One reason for this proliferation, Swartz said, is that the options awarded to program managers are set up to increase with their salaries.

He said that often executives making salaries of $1 million to $2 million actually may have as much as $19 million in stock options.

And depending on how those stocks perform over the year, he added, the executive ultimately could end up receiving $20 million to $25 million for a given year.

“Managers are rewarded on stock prices going up, not earnings,” explained Swartz.

“The two usually move in tandem, but not always.

“The import figure, though, lies in how much the stock price goes up. A manager may have a clause in his contract that states when the stock price goes above $15 a share, for every dollar earned, the manager receives a bonus. So if the price goes to $20 a share, they may receive $2 or $3 million.”

Swartz said that the positives and negatives, however, tend to even out.

He said in his research he found that, in the end, managers act in the interests of the shareholders.

He explained that his logic is that the managers are rewarded by making the stock price go higher and — by virtue of creating more value — they get a piece of that added value.

However, Swartz noted, managers alone are not solely responsible for the rise in value of a company or a stock.

The employees have a hand in it, too, he said, and often employees aren’t given any stock options. In addition, he pointed out that managers rarely are held accountable for stocks going down.

Often what will happen, Swartz said, is that when the price of a stock goes down, the manager is often given more stocks, at the new lower price. He said it’s a way of resuming the same incentives all over again, all in an effort to keep the manager with the company.

Of course, he said, sometimes the current manager just can’t seem to make the company work and a replacement is needed.

And looking for a highly reputable individual to take over a failing company is going to be an expensive investment, Swartz added.

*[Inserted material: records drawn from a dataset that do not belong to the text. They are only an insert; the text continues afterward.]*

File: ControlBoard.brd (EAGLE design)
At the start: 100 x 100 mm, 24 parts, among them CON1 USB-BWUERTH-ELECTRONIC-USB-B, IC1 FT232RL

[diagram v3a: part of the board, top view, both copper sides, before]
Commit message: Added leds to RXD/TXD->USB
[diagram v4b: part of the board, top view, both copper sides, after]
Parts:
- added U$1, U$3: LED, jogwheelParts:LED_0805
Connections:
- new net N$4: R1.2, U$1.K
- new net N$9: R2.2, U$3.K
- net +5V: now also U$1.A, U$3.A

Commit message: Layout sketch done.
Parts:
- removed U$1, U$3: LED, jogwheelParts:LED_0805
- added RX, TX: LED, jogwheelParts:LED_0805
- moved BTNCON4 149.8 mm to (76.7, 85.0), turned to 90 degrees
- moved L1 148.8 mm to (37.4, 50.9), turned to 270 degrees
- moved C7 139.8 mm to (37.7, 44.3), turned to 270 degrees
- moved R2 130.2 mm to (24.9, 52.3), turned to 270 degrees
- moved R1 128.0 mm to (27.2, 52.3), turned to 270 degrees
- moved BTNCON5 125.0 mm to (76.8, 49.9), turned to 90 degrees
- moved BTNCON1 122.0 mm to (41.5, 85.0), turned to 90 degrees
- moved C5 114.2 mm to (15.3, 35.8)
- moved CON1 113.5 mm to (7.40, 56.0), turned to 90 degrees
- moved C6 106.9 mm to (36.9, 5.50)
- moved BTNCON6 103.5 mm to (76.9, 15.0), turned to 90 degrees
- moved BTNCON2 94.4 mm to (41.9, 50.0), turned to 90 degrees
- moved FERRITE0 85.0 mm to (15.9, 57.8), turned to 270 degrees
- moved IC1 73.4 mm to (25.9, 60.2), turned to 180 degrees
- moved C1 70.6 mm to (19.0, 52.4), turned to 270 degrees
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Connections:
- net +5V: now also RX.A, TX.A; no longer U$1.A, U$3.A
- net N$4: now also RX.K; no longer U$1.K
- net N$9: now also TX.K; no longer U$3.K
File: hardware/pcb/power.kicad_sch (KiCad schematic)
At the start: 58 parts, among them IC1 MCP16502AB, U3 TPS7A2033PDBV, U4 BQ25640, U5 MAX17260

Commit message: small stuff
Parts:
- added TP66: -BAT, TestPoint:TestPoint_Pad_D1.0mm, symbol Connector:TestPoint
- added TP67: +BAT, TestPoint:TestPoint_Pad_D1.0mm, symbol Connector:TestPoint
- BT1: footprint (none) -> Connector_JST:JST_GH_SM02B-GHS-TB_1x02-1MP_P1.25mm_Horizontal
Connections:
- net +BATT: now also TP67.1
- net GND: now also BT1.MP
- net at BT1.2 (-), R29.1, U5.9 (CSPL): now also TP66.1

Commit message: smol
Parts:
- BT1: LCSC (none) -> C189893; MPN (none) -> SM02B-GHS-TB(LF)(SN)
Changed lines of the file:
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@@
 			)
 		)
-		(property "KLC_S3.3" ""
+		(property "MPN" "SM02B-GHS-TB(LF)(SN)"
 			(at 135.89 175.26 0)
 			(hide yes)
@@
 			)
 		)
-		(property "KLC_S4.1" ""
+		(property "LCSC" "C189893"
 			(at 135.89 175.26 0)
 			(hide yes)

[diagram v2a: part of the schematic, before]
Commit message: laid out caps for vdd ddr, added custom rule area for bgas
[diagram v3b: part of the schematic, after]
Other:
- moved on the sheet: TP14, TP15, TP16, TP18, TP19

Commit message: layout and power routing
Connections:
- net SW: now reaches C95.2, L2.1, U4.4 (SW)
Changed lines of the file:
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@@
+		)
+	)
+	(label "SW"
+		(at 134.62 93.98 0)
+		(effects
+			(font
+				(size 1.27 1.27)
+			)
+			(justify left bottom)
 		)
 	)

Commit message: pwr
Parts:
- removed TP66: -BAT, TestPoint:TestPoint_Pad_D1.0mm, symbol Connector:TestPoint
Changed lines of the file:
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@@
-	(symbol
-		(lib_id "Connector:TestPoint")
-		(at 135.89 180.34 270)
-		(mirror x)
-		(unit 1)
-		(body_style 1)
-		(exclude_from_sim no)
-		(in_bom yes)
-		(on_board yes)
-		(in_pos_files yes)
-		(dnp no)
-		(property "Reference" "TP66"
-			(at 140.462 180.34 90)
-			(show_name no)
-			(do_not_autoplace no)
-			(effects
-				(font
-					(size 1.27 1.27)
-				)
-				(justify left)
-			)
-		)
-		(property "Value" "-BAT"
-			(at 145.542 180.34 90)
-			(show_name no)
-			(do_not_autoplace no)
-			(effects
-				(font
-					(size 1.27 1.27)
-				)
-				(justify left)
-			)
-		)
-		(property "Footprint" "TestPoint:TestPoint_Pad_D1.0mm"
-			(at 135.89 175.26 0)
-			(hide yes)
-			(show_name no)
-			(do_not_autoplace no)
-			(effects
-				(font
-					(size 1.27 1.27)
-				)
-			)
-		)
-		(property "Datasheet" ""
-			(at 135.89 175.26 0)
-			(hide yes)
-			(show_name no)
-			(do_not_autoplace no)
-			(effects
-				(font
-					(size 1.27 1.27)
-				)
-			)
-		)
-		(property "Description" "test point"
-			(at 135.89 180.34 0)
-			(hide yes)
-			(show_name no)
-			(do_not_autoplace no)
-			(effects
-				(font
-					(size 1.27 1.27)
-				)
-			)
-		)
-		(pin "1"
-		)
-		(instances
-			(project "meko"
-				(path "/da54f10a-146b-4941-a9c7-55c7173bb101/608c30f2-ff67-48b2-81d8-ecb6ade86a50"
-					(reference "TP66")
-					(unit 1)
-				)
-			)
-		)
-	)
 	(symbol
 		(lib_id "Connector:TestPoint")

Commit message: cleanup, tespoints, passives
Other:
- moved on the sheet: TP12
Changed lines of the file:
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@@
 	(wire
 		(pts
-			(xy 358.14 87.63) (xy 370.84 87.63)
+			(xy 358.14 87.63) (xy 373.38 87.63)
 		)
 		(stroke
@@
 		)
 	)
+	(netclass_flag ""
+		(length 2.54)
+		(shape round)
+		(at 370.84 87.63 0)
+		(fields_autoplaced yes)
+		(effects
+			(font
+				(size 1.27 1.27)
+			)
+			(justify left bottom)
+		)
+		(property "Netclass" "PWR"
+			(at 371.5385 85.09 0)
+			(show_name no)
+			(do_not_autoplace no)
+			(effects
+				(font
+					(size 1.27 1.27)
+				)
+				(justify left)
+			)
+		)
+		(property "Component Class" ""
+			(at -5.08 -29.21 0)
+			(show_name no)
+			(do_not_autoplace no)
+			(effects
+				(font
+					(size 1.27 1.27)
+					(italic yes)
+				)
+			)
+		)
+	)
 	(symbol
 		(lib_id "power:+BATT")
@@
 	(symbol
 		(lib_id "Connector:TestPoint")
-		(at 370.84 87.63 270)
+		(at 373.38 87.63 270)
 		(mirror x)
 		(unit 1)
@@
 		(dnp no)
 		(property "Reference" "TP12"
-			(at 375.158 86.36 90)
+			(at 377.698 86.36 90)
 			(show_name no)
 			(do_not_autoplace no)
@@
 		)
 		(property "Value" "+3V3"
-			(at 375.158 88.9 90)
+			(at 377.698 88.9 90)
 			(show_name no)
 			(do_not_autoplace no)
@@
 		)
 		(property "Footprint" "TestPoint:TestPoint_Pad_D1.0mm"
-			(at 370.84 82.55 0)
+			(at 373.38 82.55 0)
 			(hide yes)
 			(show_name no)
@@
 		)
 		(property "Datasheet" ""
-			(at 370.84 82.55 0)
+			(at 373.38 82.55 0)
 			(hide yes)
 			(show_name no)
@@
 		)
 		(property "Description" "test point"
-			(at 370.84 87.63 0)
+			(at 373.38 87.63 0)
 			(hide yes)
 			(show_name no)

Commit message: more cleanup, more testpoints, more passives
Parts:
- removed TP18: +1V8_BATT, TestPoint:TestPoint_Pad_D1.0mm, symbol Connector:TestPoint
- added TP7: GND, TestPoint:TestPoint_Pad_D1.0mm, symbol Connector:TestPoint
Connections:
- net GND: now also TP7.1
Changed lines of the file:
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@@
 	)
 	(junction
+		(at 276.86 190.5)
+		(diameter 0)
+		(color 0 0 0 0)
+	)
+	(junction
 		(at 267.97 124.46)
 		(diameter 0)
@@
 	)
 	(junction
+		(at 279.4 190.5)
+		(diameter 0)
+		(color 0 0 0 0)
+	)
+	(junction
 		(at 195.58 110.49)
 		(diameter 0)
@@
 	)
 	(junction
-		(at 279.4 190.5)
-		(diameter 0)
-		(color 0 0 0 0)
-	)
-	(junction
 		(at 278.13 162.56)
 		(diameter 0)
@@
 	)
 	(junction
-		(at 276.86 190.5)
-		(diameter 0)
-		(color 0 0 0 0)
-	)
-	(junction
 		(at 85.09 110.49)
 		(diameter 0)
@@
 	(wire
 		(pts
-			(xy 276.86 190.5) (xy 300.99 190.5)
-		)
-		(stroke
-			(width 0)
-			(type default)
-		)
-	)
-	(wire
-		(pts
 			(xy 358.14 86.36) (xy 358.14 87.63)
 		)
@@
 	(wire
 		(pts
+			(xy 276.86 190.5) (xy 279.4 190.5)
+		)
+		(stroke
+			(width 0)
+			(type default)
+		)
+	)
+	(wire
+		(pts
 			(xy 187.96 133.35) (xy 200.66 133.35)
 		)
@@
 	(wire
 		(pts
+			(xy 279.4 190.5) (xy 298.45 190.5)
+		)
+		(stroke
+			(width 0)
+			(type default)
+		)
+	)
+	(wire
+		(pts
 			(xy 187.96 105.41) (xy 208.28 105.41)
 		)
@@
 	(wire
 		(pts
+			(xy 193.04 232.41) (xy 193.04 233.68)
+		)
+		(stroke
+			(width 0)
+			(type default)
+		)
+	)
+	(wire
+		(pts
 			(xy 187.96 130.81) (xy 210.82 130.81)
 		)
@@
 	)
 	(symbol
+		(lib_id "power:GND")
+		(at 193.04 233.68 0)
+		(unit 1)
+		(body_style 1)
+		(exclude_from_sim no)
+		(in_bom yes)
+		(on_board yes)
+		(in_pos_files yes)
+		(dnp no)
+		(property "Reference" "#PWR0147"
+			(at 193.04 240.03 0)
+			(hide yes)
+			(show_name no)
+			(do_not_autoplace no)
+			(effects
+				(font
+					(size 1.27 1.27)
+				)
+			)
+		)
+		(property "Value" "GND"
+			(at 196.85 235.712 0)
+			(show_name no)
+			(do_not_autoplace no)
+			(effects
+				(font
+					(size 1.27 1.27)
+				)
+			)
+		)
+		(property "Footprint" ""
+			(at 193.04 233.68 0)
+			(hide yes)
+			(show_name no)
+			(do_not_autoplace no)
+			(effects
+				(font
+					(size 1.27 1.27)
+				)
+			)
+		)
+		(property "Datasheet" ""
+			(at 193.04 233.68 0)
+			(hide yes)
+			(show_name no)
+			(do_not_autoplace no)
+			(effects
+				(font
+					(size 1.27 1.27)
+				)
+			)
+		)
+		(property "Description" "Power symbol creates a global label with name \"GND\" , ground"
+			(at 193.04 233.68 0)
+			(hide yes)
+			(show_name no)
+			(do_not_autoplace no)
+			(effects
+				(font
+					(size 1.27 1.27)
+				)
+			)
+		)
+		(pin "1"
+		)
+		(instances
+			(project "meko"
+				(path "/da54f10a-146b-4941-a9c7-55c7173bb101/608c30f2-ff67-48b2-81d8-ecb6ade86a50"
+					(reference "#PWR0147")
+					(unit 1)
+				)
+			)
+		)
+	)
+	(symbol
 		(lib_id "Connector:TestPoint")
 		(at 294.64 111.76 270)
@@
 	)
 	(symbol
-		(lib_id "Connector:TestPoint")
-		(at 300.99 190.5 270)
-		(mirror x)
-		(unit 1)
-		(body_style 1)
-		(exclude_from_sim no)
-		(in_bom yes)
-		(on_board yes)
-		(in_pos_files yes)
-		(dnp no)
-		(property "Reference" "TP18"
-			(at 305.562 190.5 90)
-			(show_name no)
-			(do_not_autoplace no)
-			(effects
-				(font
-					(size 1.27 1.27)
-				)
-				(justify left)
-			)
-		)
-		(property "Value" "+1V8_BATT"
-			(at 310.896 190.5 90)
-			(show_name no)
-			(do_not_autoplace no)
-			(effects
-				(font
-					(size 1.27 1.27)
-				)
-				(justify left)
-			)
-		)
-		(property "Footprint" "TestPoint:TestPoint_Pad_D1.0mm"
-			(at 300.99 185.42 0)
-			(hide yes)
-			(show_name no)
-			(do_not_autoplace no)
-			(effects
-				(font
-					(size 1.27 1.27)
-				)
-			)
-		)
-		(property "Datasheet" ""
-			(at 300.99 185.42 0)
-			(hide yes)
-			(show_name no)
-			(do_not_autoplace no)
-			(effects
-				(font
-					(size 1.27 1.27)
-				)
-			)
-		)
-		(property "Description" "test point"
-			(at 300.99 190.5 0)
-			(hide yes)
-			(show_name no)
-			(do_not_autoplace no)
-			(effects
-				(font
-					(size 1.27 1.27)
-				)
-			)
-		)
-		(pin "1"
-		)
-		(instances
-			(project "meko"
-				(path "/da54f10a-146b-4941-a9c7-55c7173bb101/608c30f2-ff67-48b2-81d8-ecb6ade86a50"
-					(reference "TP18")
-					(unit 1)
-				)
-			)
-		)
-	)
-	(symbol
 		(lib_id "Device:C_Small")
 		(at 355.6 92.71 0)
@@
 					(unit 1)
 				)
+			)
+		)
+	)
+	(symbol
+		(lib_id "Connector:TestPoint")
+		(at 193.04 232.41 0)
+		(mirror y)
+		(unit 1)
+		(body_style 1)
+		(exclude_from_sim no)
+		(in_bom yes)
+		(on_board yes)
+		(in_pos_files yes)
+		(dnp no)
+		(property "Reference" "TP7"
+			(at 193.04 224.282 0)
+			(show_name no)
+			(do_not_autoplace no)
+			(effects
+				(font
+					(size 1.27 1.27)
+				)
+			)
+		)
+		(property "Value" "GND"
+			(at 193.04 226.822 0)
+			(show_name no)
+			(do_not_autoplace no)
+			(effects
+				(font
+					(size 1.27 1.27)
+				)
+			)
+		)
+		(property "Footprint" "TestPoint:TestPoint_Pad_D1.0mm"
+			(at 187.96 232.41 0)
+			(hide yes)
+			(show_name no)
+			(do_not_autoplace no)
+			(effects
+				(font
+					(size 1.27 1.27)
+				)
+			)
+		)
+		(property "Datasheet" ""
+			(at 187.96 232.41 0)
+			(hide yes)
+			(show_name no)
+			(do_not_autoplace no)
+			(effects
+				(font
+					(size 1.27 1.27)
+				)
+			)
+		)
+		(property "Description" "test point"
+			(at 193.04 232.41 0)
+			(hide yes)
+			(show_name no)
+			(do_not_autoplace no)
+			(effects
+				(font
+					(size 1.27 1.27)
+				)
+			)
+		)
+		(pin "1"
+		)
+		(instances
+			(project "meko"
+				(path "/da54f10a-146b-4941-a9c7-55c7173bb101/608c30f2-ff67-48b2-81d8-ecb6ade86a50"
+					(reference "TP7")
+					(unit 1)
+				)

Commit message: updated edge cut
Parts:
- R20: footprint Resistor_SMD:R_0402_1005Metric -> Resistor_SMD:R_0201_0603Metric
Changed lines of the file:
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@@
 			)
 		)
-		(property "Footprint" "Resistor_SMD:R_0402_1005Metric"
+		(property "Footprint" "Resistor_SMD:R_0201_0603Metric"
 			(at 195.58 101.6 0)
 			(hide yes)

“You want someone good to make the company viable again and that is going to cost money up front,” said Swartz. “However, in the end it is one of the smartest investments. And it is the most crucial decision you have to make.”

Swartz added that not many people want to run a failing business. But it’s when a business is failing that the best person is needed, he said, and that is going to cost the company.

The result, he noted, is going to be a return on investment that will be worthwhile. The $20 million a company may invest in a new leader may come back in the form of $20 billion in revenues.

“Many managers aren’t prepared to go through the good and the bad with a company and in many cases aren’t held responsible if the company does plummet,” said Swartz.

“If compensation were based on earnings it would be entirely different. However, then we get into big potential for fraud, as in the Enron case.”

Swartz said that in his opinion there is a 50-50 chance that full disclosure of stock options will go into effect as law.

“Just knowing varied figures and how much is really out there can really make a difference to shareholders,” said Swartz. “Knowing the value of those shares is very important.”

And while Swartz believes this is still a worthwhile way to compensate managers he does feel strongly about disclosing more information to shareholders.

“The more open you are with your shareholders, the more they are going to trust you,” he said.

“And the more they trust you, the more they may believe in your company and want to invest in it and drive up your stock price,” said Swartz.

“This really can turn out to be a good thing for companies and can in the end, be a big win for upper level management.”